Wednesday, October 18, 2017

The Church of Trump?

In my new satirical novel Trump Card, members of a laughably inept religious cult calling themselves the "Sons of Kek" make repeated failed attempts on my plucky teen heroine's life because she poses a threat to their beloved President Trump. But according to a man named Greg Piatek, his support for Donald Trump really does constitute a religious belief. Piatek is suing a New York City bar for religious discrimination after he was criticized for wearing a Make America Great Again baseball cap and eventually ejected from the establishment.

Piatek claims he spent his time at The Happiest Hour wearing the most controversial hat in the world, the red Make America Great Again baseball cap. According to him, he was called a “terrible person” by one bartender, that another the bartender ignored him, asking if the hat was a “joke” while serving him and yet another cut him off. Ultimately, he alleges, a bouncer kicked him out at the manager’s request. The management at The Happiest Hour denies every part of Piatek's story.

Now, Piatek has slapped the bar with a “discriminatory conduct” lawsuit alleging “anxiety and severe emotional distress,” according to the Gothamist. This he said-they-said legal kerfuffle has taken on religious proportions as the Trump supporter is claiming his reverence for the president — signaled by his red hat — should have the same legal protections as any religion.

"A religious belief can appear to every other member of the human race preposterous, yet still be entitled to protection,” say the legal briefs field on behalf of Piatek. As part of a claimed “protected class,” Piatek was "adhering to his closely held spiritual beliefs by adorning the hat in question,” says his attorney. According to him, the MAGA hat, emblazoned with a logo for a race the highest political office in the nation “transcends the political realm.” Eighty-sixing Piatek, the lawsuit claims, is little different than, say, denying service to a believer because they wore a veil, cross or yarmulke.

As mentioned, the manager of The Happiest Hour denies Piatek’s story, reasoning that he must have had a good time because of his tip noted on the receipts provided.
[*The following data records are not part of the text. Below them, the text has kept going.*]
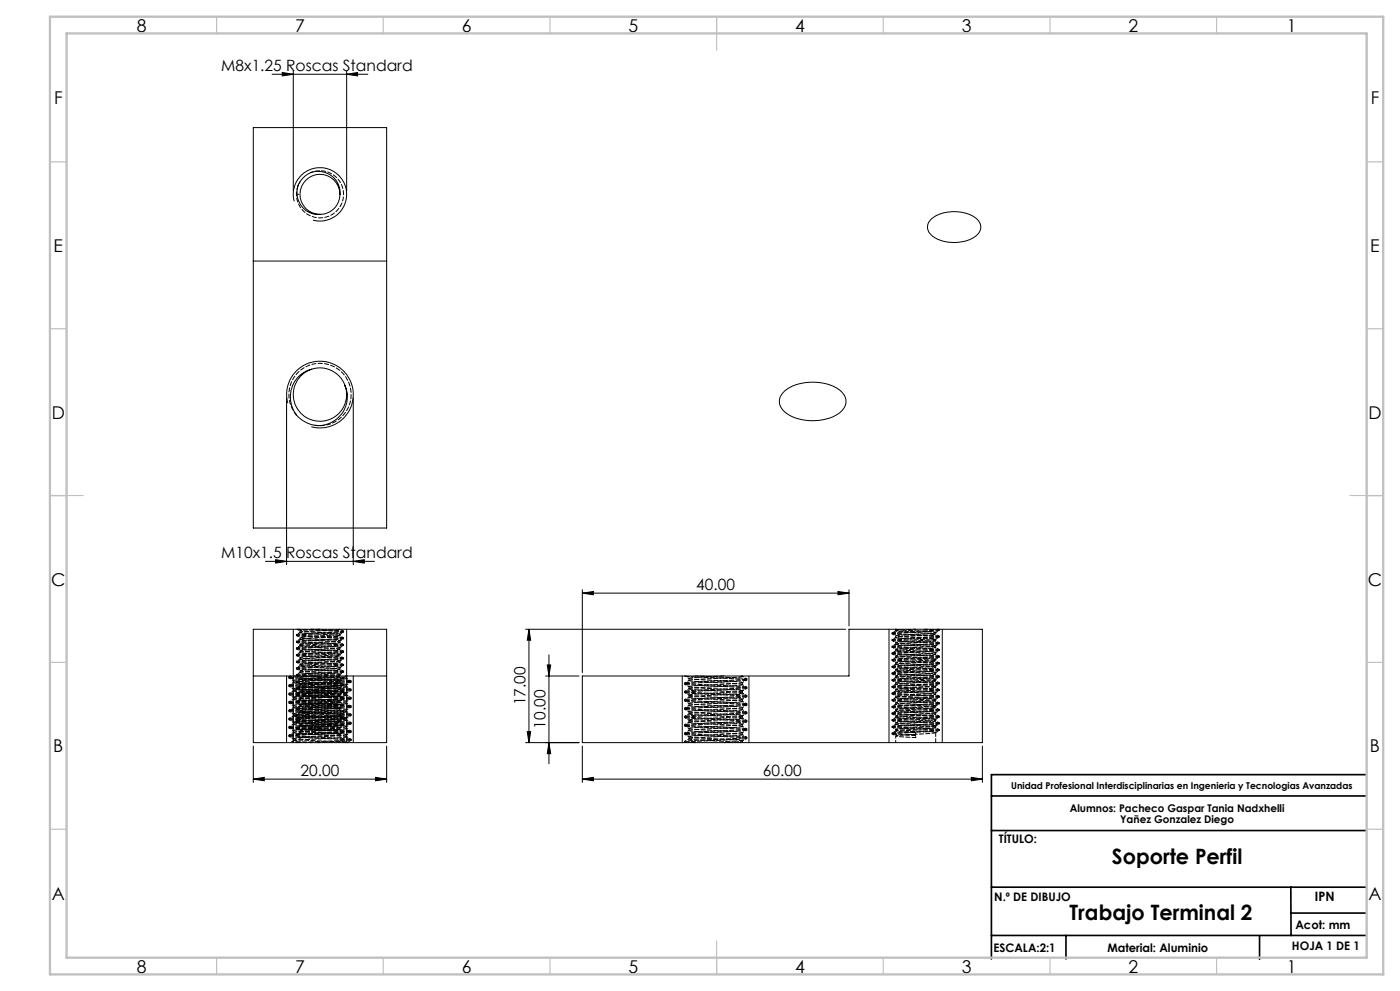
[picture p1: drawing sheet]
<svg xmlns="http://www.w3.org/2000/svg" width="420mm" height="297mm" viewBox="0 0 420 297" stroke-linecap="round" stroke-linejoin="round" font-family="sans-serif">
<g fill="none" stroke="#000" stroke-width=".3">
<path d="M76 38.2h40v120.1h-40zM81.6 22.3h28.7M84.7 21.7l3.3 .6-3.3 .5zM88 21.2v36.1M104 22.3l3.3-.6v1.1zM104 21.2v36.1M102 58.2a6.4 6.4 0 0 0-6.3-6.8 6.4 6.4 0 0 0-6.6 6.5 6.4 6.4 0 0 0 6.9 6.3M102 58.2a6 6 0 0 0-6-5.9 6 6 0 0 0-6 5.9 6 6 0 0 0 6 6M102 58.2a6 6 0 0 1-6 6M76 78.2h40M88.3 60.3a8 8 0 0 1 7-10 8 8 0 0 1 8.6 8.6 8 8 0 0 1-10 7.1M279.5 65.5a11.6 11.6 0 0 1 13.7 .3 3.2 3.2 0 0 1-.8 5.2 11.8 11.8 0 0 1-13-.6 3.1 3.1 0 0 1 .1-4.9z"/>
<path d="M86 119.2v50.1M93.5 110.7a8.6 8.6 0 0 0-6.1 10.8 8.6 8.6 0 0 0 11.1 5.6 8.6 8.6 0 0 0 5.1-11.3M93.5 110.7a8 8 0 0 0-5.1 10.1 8 8 0 0 0 10.1 5.1 8 8 0 0 0 5.1-10.1M93.5 110.7a8 8 0 0 1 10.1 5.1M103.5 115.4l.1 .4M106 119.2v50.1M235.3 117.2a14.7 14.7 0 0 1 17 0 4 4 0 0 1-.8 6.8 14.8 14.8 0 0 1-16.2-.6 3.9 3.9 0 0 1 0-6.2zM86.3 120.8a10 10 0 0 1 8.8-12.5 10 10 0 0 1 10.9 10.9 10 10 0 0 1-12.6 8.7M79.6 168.2h32.7M82.7 167.7l3.3 .5-3.3 .6zM106 168.2l3.3-.5v1.1zM174.7 177.8l3.3-.5v1z"/>
<path d="M174.7 176.8v24.8M174.7 177.8h80M251.4 177.3l3.3 .5-3.3 .5zM254.7 176.8v10.8M76 188.6h40v34h-40zM88 188.6v34M104 188.6v34M157.7 188.6h96M158.7 188.6l.5 3.3h-1zM158.7 188.6v34M164.2 199.3h1l-.5 3.3zM164.7 196.2v32.7"/>
<path d="M266.7 188.6v34M282.7 188.6v34M76 202.6h40M86 202.6v20M106 202.6v20M158.2 219.3h1l-.5 3.3zM163.7 202.6h10M174.7 202.6h80v-14h40v34h-120zM204.7 202.6v20M224.7 202.6v20M76 233.5l3.3-.5v1zM76 223.6v10.9"/>
<path d="M76 233.5h40M104.2 222.6h.1M112.7 233l3.3 .5-3.3 .5zM116 223.6v10.9M157.7 222.6h16M164.7 222.6l.5 3.3h-1zM174.7 233.5l3.3-.5v1zM174.7 233.5h120M174.7 223.6v10.9M291.4 233l3.3 .5-3.3 .5zM294.7 223.6v10.9"/>
</g>
<path d="M297.4 238.5h112.3M409.7 232.2h-112.3v55.2M297.4 248.9h112.3M297.4 265.9h112.3M387.2 265.9l.1 14.4M387.3 273.6h22.4M297.4 280.3h112.3M319.8 280.3v7.1M377.9 280.5v7" fill="none" stroke="#000" stroke-width=".5"/>
<g fill="none" stroke="#c0c0c0" stroke-width=".35">
<path d="M65 5v5M115 5v5M165 5v5M215 5v10M265 5v5M315 5v5M365 5v5M15 48.5h5M410 48.5h5M15 98.5h5M410 98.5h5M15 148.5h10"/>
<path d="M405 148.5h10M15 198.5h5M410 198.5h5M15 248.5h5M410 248.5h5M65 287v5M115 287v5M165 287v5M215 282v10M265 287v5M315 287v5M365 287v5"/>
</g>
<path d="M15 5h400v287h-400zM20 10h390v277h-390z" fill="none" stroke="#c0c0c0" stroke-width=".7"/>
<g fill="#000">
<path d="M164.2 199.3h1l-.5 3.3zM164.7 222.6l.5 3.3h-1zM158.7 188.6l.5 3.3h-1zM158.2 219.3h1l-.5 3.3z"/>
<path d="M112.7 233l3.3 .5-3.3 .5zM76 233.5l3.3-.5v1zM251.4 177.3l3.3 .5-3.3 .5zM174.7 177.8l3.3-.5v1z"/>
<path d="M174.7 233.5l3.3-.5v1zM291.4 233l3.3 .5-3.3 .5zM84.7 21.7l3.3 .6-3.3 .5zM104 22.3l3.3-.6v1.1zM82.7 167.7l3.3 .5-3.3 .6zM106 168.2l3.3-.5v1.1z"/>
</g>
<g fill="none" stroke="#000" stroke-width=".3" stroke-dasharray="1.3 .6" stroke-dashoffset=".1">
<path d="M96 188.6l-6 .5 12 1-12 1 12 1-11.9 1M268.8 188.6l11.8 .9-.9 .3-11 .8 11 .8 .9 .2-11.9 1 12 1M93.5 202.6l10.5 .7M95.2 202.6l-8.5 .6M217.2 202.6l-10.5 .7M224 203.8l-16.6 1-2 .3 18.6 1.1M224 206.3l-16.6 1-2 .3 18.6 1.1M224 208.8l-16.6 1-2 .3 18.6 1.1M224 211.3l-16.6 1-2 .3 18.6 1.1M224 213.8l-16.6 1-2 .3 18.6 1.1M224 216.3l-16.6 1-2 .3 18.6 1.1M224 218.8l-16.6 1-2 .3 18.6 1.1"/>
<path d="M274.7 219.6l-6-.5 12-1.1M280.7 222.6v-3"/>
</g>
<g fill="none" stroke="#000" stroke-width=".3" stroke-dasharray="1.3 .6" stroke-dashoffset=".2">
<path d="M88.9 194.2l14.1 1M88.9 196.2l14.1 1M88.9 198.2l14.1 1M103 189.5l-14.1 .9M103 191.5l-14.1 .9M103 193.5l-14.1 .9M103 195.5l-14.1 .9M103 197.5l-14.1 .9M103 199.5l-14.1 .9M103 189.2l-14 1M103 191.2l-14 1M103 193.2l-14 1"/>
<path d="M103.1 195.2l-14.1 1M103.1 197.2l-14.1 1M103.1 199.2l-14.1 1M267.6 193.7l14.1 1M267.6 195.7l14.1 1M267.6 197.7l14.1 1M267.6 199.7l14.1 1M281.7 189l-14.1 .9M281.7 191l-14.1 .9M281.7 193l-14.1 .9M281.7 195l-14.1 .9M281.7 197l-14.1 .9"/>
<path d="M281.7 199l-14.1 .9M281.8 188.7l-14.1 1M281.8 190.7l-14.1 1M281.8 192.7l-14.1 1M281.8 194.7l-14.1 1M281.8 196.7l-14.1 1M281.8 198.7l-14.1 1M88 204.6l16 1.2M88 207.1l16 1.2M88 209.6l16 1.2M88 212.1l16 1.2M88 214.6l16 1.2"/>
<path d="M88 217.1l16 1.2M88 219.6l16 1.2M88.9 200.2l14.1 1M88.9 204.2l14.1 1M88.9 206.2l14.1 1M103 201.5l-14.1 .9M103 205.5l-14.1 .9M103 207.5l-14.1 .9M103 209.5l-14.1 .9M103 211.5l-14.1 .9M103 215.5l-14.1 .9M103 217.5l-14.1 .9"/>
<path d="M103 219.5l-14.1 .9M103.1 201.2l-14.1 1M103.1 203.2l-14.1 1M103.1 205.2l-14.1 1M103.1 207.2l-14.1 1M103.1 209.2l-14.1 1M103.1 211.2l-14.1 1M103.1 213.2l-14.1 1M103.1 215.2l-14.1 1M103.1 217.2l-14.1 1M103.1 219.2l-14.1 1M104 202.7l-16 1.2"/>
<path d="M104 205.2l-16 1.2M104 207.7l-16 1.2M104 210.2l-16 1.2M104 212.7l-16 1.2M104 215.2l-16 1.2M104 217.7l-16 1.2M104 203.3l-16 1.3M104 205.8l-16 1.3M104 208.3l-16 1.3M104 210.8l-16 1.3M104 213.3l-16 1.3M104 215.8l-16 1.3"/>
<path d="M104 218.3l-16 1.3M206.7 204l16 1.2M206.7 206.5l16 1.2M206.7 209l16 1.2M206.7 211.5l16 1.2M206.7 214l16 1.2M206.7 216.5l16 1.2M206.7 219l16 1.2M206.7 215.8l16 1.3M206.7 205.8l16 1.3M206.7 208.3l16 1.3M206.7 210.8l16 1.3"/>
<path d="M206.7 213.3l16 1.3M222.7 204.6l-16 1.2M222.7 207.1l-16 1.2M222.7 209.6l-16 1.2M222.7 212.1l-16 1.2M222.7 214.6l-16 1.2M222.7 217.1l-16 1.2M222.7 219.6l-16 1.2M222.7 202.7l-16 1.2M222.7 205.2l-16 1.2M222.7 207.7l-16 1.2M222.7 210.2l-16 1.2"/>
<path d="M222.7 212.7l-16 1.2M222.7 215.2l-16 1.2M222.7 217.7l-16 1.2M267.6 201.7l14.1 1M267.6 203.7l14.1 1M267.6 205.7l14.1 1M267.6 207.7l14.1 1M267.6 209.7l14.1 1M267.6 211.7l14.1 1M267.6 213.7l14.1 1M267.6 215.7l14.1 1M280.7 219.6l-12 1 6 .5"/>
<path d="M281.7 201l-14.1 .9M281.7 203l-14.1 .9M281.7 205l-14.1 .9M281.7 207l-14.1 .9M281.7 209l-14.1 .9M281.7 211l-14.1 .9M281.7 213l-14.1 .9M281.7 215l-14.1 .9M281.7 217l-14.1 .9M281.7 219l-14.1 .9M281.8 200.7l-14.1 1M281.8 202.7l-14.1 1"/>
<path d="M281.8 204.7l-14.1 1M281.8 206.7l-14.1 1M281.8 208.7l-14.1 1M281.8 210.7l-14.1 1M281.8 212.7l-14.1 1M281.8 214.7l-14.1 1M281.8 216.7l-14.1 1M281.8 218.7l-14.1 1M104 220.2l-16 1.2M222.7 220.2l-16 1.2"/>
</g>
<g fill="none" stroke="#000" stroke-width=".3" stroke-dasharray="1.3 .6" stroke-dashoffset=".3">
<path d="M88.9 124.3a9.4 9.4 0 0 1 3.3-14.6 9.4 9.4 0 0 1 13.1 7.4 9.4 9.4 0 0 1-10.9 10.3M88.9 190.2l14.1 .9M88.9 192.2l14.1 .9M89 190.5l14 .9M89 192.5l14 .9M89 194.5l14 .9M89 196.5l14 .9M89 198.5l14 .9M101.9 194.1l-11.8 1M101.9 196.1l-11.8 1M101.9 198.1l-11.8 1M267.6 189.7l14.1 .9"/>
<path d="M267.6 191.7l14.1 .9M267.7 194l14 .9M267.7 196l14 .9M267.7 198l14 .9M267.7 200l14 .9M267.8 190l13.9 .9M267.8 192l13.9 .9M268.8 193l11.9-1M88.1 204l15.9 1.2M88.1 206.5l15.9 1.2M88.1 209l15.9 1.2M88.1 211.5l15.9 1.2"/>
<path d="M88.1 214l15.9 1.2M88.1 216.5l15.9 1.2M88.1 219l15.9 1.2M88.9 208.2l14.1 .9M88.9 210.2l14.1 .9M88.9 214.2l14.1 .9M88.9 216.2l14.1 .9M88.9 218.2l14.1 .9M89 200.5l14 .9M89 204.5l14 .9M89 206.5l14 .9M89 208.5l14 .9"/>
<path d="M89 210.5l14 .9M89 212.5l14 .9M89 214.5l14 .9M89 216.5l14 .9M89 218.5l14 .9M89.1 202.5l13.9 .9M90.1 219.5l11.8-1M90.1 201.5l11.9-.9-12-1 11.9-1-.9-.2-11-.8 11-.8 .9-.3-11.9-.9 11.9-1.1M101.9 218.5l-11.8-.9 .9-.2 11-.8-11-.8-.9-.3 11.9-.9-12-1 12-1-12-1 12-1-12-1 11.9-1.1M101.9 200.1l-11.8 1M101.9 202.1l-11.8 1M101.9 210.1l-11.8 1"/>
<path d="M101.9 212.1l-11.8 1M101.9 214.1l-11.8 1M101.9 216.1l-11.8 1M101.9 218.1l-11.8 1M206.8 203.4l15.9 1.2M206.8 218.4l15.9 1.2M267.6 217.7l14.1 .9M267.7 202l14 .9M267.7 204l14 .9M267.7 206l14 .9M267.7 208l14 .9M267.7 210l14 .9"/>
<path d="M267.7 212l14 .9M267.7 214l14 .9M267.7 216l14 .9M267.8 218l13.9 .9M268.8 217l11.9-.9-12-1 11.9-1-.9-.2-11-.8 11-.8 .9-.3-11.9-.9 12-1.1M268.8 203l11.8-.9-.9-.2-11-.8 11-.8 .9-.3-11.9-.9 12-1-12-1 12-1-12-1 12-1-12-1M101.9 220.1l-11.9 1M102 222.6v-2.5M104 220.8l-16 1.3 5.5 .5M206.8 220.9l15.9 1.2"/>
</g>
<path d="M88.9 58.2h1.1M89.1 188.6l.9 .5M89.5 188.6l13.5 .8M280.6 192l-11.9-.9 12-1-12-1 6-.5M88.9 202.6l-2.2 .2M88 222l-.9 .6M88.1 221.5l15.5 1.1" fill="none" stroke="#000" stroke-width=".3" stroke-dasharray="1.3 .6" stroke-dashoffset=".5"/>
<g fill="none" stroke="#000" stroke-width=".3" stroke-dasharray="1.3 .6" stroke-dashoffset="-.2">
<path d="M86.7 202.9l18.6 1.2M86.7 205.7l18.6 1.2M86.7 208.2l18.6 1.2M86.7 210.7l18.6 1.2M86.7 213.2l18.6 1.2M86.7 215.7l18.6 1.2M86.7 218.2l18.6 1.2M105.3 204.1l-18.6 1.2M105.3 216.6l-18.6 1.2M105.3 209.1l-18.6 1.2M224 213.5l-18.6 1.2M224 206l-18.6 1.2"/>
<path d="M224.1 218.5l-18.7 1.2M224.1 211l-18.7 1.2M86.7 220.7l18.6 1.2"/>
</g>
<g fill="none" stroke="#000" stroke-width=".3" stroke-dasharray="1.3 .6" stroke-dashoffset="-.1">
<path d="M86.6 207.8l18.7 1.2M86.6 215.4l18.7 1.1M86.7 210.4l18.5 1.1M86.7 217.8l18.5 1.2M86.7 203.2l18.6 1.2M86.7 205.4l18.5 1.1M86.7 212.9l18.5 1.1M105.3 204.4l-18.6 1.3M105.3 206.9l-18.6 1.3M105.3 209.4l-18.6 1.3M105.3 211.9l-18.6 1.3M105.3 214.4l-18.6 1.3"/>
<path d="M105.3 216.9l-18.6 1.3M105.3 219.4l-18.6 1.3M105.3 211.6l-18.6 1.2M105.3 219.1l-18.6 1.2M105.3 206.6l-18.6 1.2M105.3 214.1l-18.6 1.2M205.4 207.2l18.6 1.2M205.4 202.6l18.6 1.1M205.4 214.8l18.5 1.1M205.4 217.2l18.6 1.2M205.4 209.8l18.5 1.1M205.5 219.8l18.5 1.1"/>
<path d="M205.5 212.3l18.5 1.1M205.5 204.8l18.5 1.1M224 208.5l-18.6 1.2M224 216l-18.6 1.2M224.1 203.5l-18.7 1.2M267.6 219.7l7.1 .5M86.7 220.4l18.5 1.1M205.4 222.3l3.3 .3M224 221.3l-16.6 1-2 .3"/>
</g>
<g fill="none" stroke="#000" stroke-width=".3" stroke-dasharray="1.3 .6">
<path d="M88.9 190.2v.2M88.9 192.2v.2M88.9 194.2v.2M88.9 196.2v.2M88.9 198.2v.2M90 199.1v.5M90 197.1v.5M90 195.1v.5M90 193.1v.5M90 191.1v.5M90 189.1v.5M90.1 193.5l11.8-.9-.9-.2-11-.8 11-.8 .9-.3-11.9-.9 12-1"/>
<path d="M102 190.6v-.5M102 192.6v-.5M102 194.6v-.5M102 196.6v-.5M102 198.6v-.5M103.1 191.4v-.2M103.1 193.4v-.2M103.1 195.4v-.2M103.1 197.4v-.2M103.1 199.4v-.2M103.1 189.4v-.2M267.6 191.7v.2"/>
<path d="M267.6 193.7v.2M267.6 195.7v.2M267.6 197.7v.2M267.6 199.7v.2M267.6 189.7v.2M268.7 188.6h.1M268.7 198.6v.5M268.7 196.6v.5M268.7 194.6v.5M268.7 192.6v.5M268.7 190.6v.5M268.7 188.6v.5"/>
<path d="M280.7 193.6l-12 1 12 1M280.7 195.6l-12 1 12 1M280.7 197.6l-12 1 12 1M280.7 199.6l-12 1 12 1M280.7 190.1v-.5M280.7 192.1v-.5M280.7 194.1v-.5M280.7 196.1v-.5M280.7 198.1v-.5M281.3 188.6l.4 .1M281.8 188.7l-.2-.1M281.8 190.9v-.2"/>
<path d="M281.8 192.9v-.2M281.8 194.9v-.2M281.8 196.9v-.2M281.8 198.9v-.2M281.8 188.9v-.2M86.6 205.3v.4M86.6 207.8v.4M86.6 210.3v.4M86.6 212.8v.4M86.6 215.3v.4M86.6 217.8v.4M86.6 202.8v.4"/>
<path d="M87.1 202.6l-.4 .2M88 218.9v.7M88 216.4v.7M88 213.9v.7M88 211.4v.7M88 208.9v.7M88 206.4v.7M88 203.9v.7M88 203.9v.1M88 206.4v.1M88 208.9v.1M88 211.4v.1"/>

Piatek, however, says the night at The Happiest Hour was “the most discriminatory, humiliating and 'Saddest Hour' of his life."His attorney says his client has "such a good heart that he’s going to tip no matter” the service or discriminatory treatment.

First off, the Constitution is pretty clear that political affiliations and religious beliefs are two entirely separate things. Second, even if Piatek's story is true, the missing piece is how he behaved in response to the bartenders not thinking much of his hat. It seems to me that if Piatek's political affiliation was why he was thrown out, why did the bartenders serve him at all? On the other hand, if he became belligerent or highly intoxicated, the managers of the bar had every right to throw him out.

This would also be true in a more unambiguous case involving religion. Let's say that a fire-and-brimstone preacher showed up at the bar and started arguing with patrons. The preacher in that case would obviously be motivated by religious beliefs, but those beliefs don't confer the right to act out and make other patrons uncomfortable. I have no idea whether Piatek did anything like that, but it's also not clear that any of it happened as Piatek claims.

To be clear, even though I'm about as far from a Trump supporter as you can get, I don't think it's cool for a business to refuse service to someone based only on their political beliefs. At the same time, though, I don't think it rises to the same level as religious discrimination or that it ever should.